Exercise requirements —
Take every line from the listing below that contains "weights".

Given records —
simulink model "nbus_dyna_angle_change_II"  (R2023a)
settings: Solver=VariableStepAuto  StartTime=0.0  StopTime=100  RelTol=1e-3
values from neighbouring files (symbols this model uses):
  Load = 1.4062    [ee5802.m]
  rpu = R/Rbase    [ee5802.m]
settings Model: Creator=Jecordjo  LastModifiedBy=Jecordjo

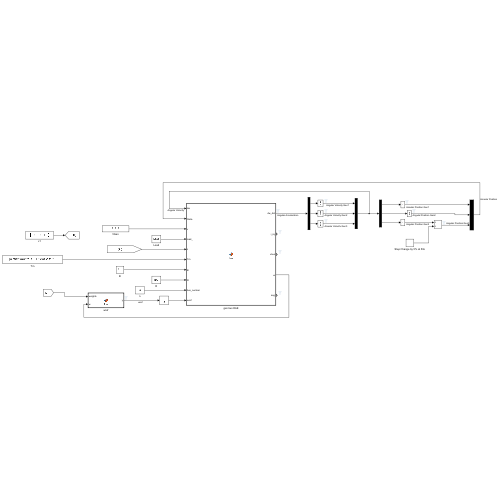
[thumbnail: Simulink's stored preview of the top-level diagram]
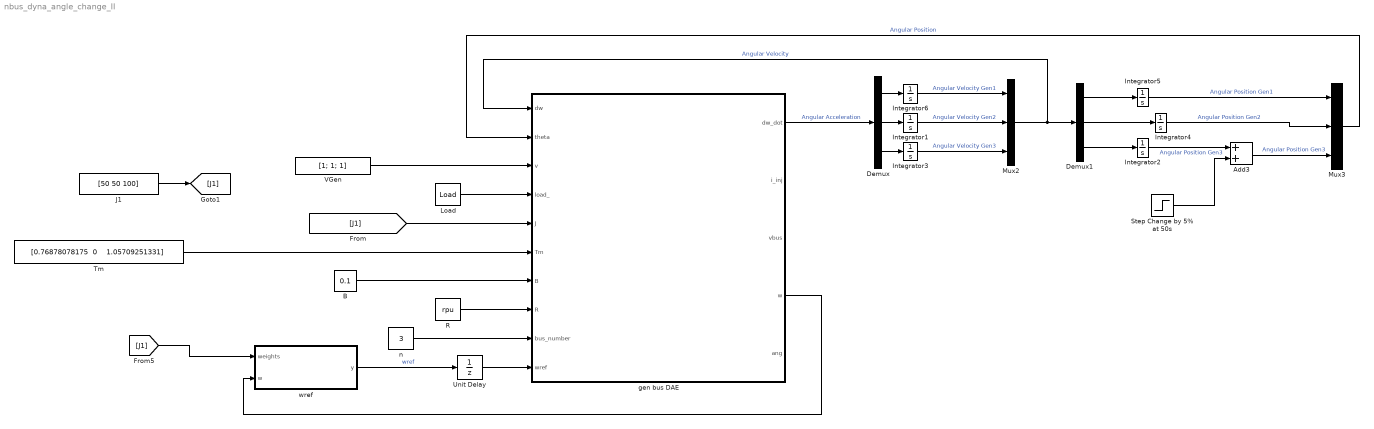
== system nbus_dyna_angle_change_II ==
  Add3 : Sum
  B : Constant  Value=0.1
  Demux : Demux  Outputs=3
  Demux1 : Demux  Outputs=3
  Integrator{1,3,5..6} (4 alike) : Integrator
  Integrator2 : Integrator  InitialCondition=0.1019
  Integrator4 : Integrator  InitialCondition=0.2385668530558521
  J1 : Constant  Value=[50 50 100]
  Load : Constant  Value=Load
  Mux2 : Mux  Inputs=3
  Mux3 : Mux  Inputs=3
  R : Constant  Value=rpu
  Step Change by 5% at 50s : Step  Time=50  After=0.005  SampleTime=0
  Tm : Constant  Value="[0.76878078175  0    1.05709251331]"
  Unit Delay : UnitDelay  InitialCondition=1  SampleTime=-1  HasFrameUpgradeWarning=on
  VGen : Constant  Value=[1; 1; 1]
  gen bus DAE : MATLAB Function  TreatAsAtomicUnit=on
  n : Constant  Value=3
  wref : MATLAB Function  TreatAsAtomicUnit=on
  wires:
  Demux/1 -> Integrator6/1
  Integrator6/1 -> Mux2/1  "Angular Velocity Gen1"
  Add3/1 -> Mux3/3  "Angular Position Gen3"
  [J1] -> wref/1(weights)
  Integrator2/1 -> Add3/1  "Angular Position Gen3"
  B/1 -> gen bus DAE/7(B)
  Integrator3/1 -> Mux2/3  "Angular Velocity Gen3"
  Demux1/3 -> Integrator2/1
  Integrator4/1 -> Mux3/2  "Angular Position Gen2"
  Step Change by 5% at 50s/1 -> Add3/2
  Mux3/1 -> gen bus DAE/2(theta)  "Angular Position"
  Demux/3 -> Integrator3/1
  J1/1 -> [J1]
  wref/1(y) -> Unit Delay/1  "wref"
  Integrator1/1 -> Mux2/2  "Angular Velocity Gen2"
  Demux1/1 -> Integrator5/1
  R/1 -> gen bus DAE/8(R)
  gen bus DAE/4(w) -> wref/2(w)
  Demux1/2 -> Integrator4/1
  Tm/1 -> gen bus DAE/6(Tm)
  VGen/1 -> gen bus DAE/3(v)
  Load/1 -> gen bus DAE/4(load_)
  Integrator5/1 -> Mux3/1  "Angular Position Gen1"
  Mux2/1 -> Demux1/1, gen bus DAE/1(dw)  "Angular Velocity"
  Demux/2 -> Integrator1/1
  gen bus DAE/1(dw_dot) -> Demux/1  "Angular Acceleration"
  n/1 -> gen bus DAE/9(bus_number)
  Unit Delay/1 -> gen bus DAE/10(wref)
  [J1] -> gen bus DAE/5(J)

== matlab function nbus_dyna_angle_change_II/gen bus DAE ==
  data: dw input; theta input size=3; dw_dot output size=3; i_inj output size=3; v input size=3; load_ input; J input; Tm input; B input; vbus output; R input; bus_number input; wref input; w output; ang output
function [dw_dot, i_inj , vbus, w, ang] = fcn(dw,theta,v,load_,J,Tm,B,R,bus_number,wref)
n=bus_number;
% x0 = zeros(2,n);
w=zeros(3,1);
dw_dot = zeros(3,1);
ang=[0 0 0];
% x0(2,1) = load_(1);
% for j = 2:n
%     x0(1,j) = v(1);
%     x0(2,j) = load_(j);
% end
w=dw+[wref;wref;wref];
x0 = [v(1) v(2) v(3);1.05 0 1.01;theta(1) theta(2) theta(3)];
sol = fsolve(@(x) solving_systems_nbus(x, [v(1) v(2) v(3)], [-1 0 -1], load_, R, n, [theta(1) -1 theta(3)]),x0,optimoptions('fsolve','Display','off','Algorithm','levenberg-marquardt'));

i_inj = sol(2,:)';

vbus = sol(1,:);

ang = sol(3,:);

dw_dot(1) = (1/J(1))*(Tm(1) - ((v(1)*i_inj(1)*cos(sol(3,1)))/w(1)) - B*w(1) - 100*dw(1));
dw_dot(2) = 0;
dw_dot(3) =  (1/J(3))*(Tm(3) - ((v(3)*i_inj(3)*cos(sol(3,3)))/w(3)) - B*w(3) - 100*dw(3));

== matlab function nbus_dyna_angle_change_II/wref ==
  data: weights input; w input; y output
function y = fcn(weights,w)
    
y = sum(w.*(weights/sum(weights)));

Written answer —
  [J1] -> wref/1(weights)
  data: weights input; w input; y output
function y = fcn(weights,w)
y = sum(w.*(weights/sum(weights)));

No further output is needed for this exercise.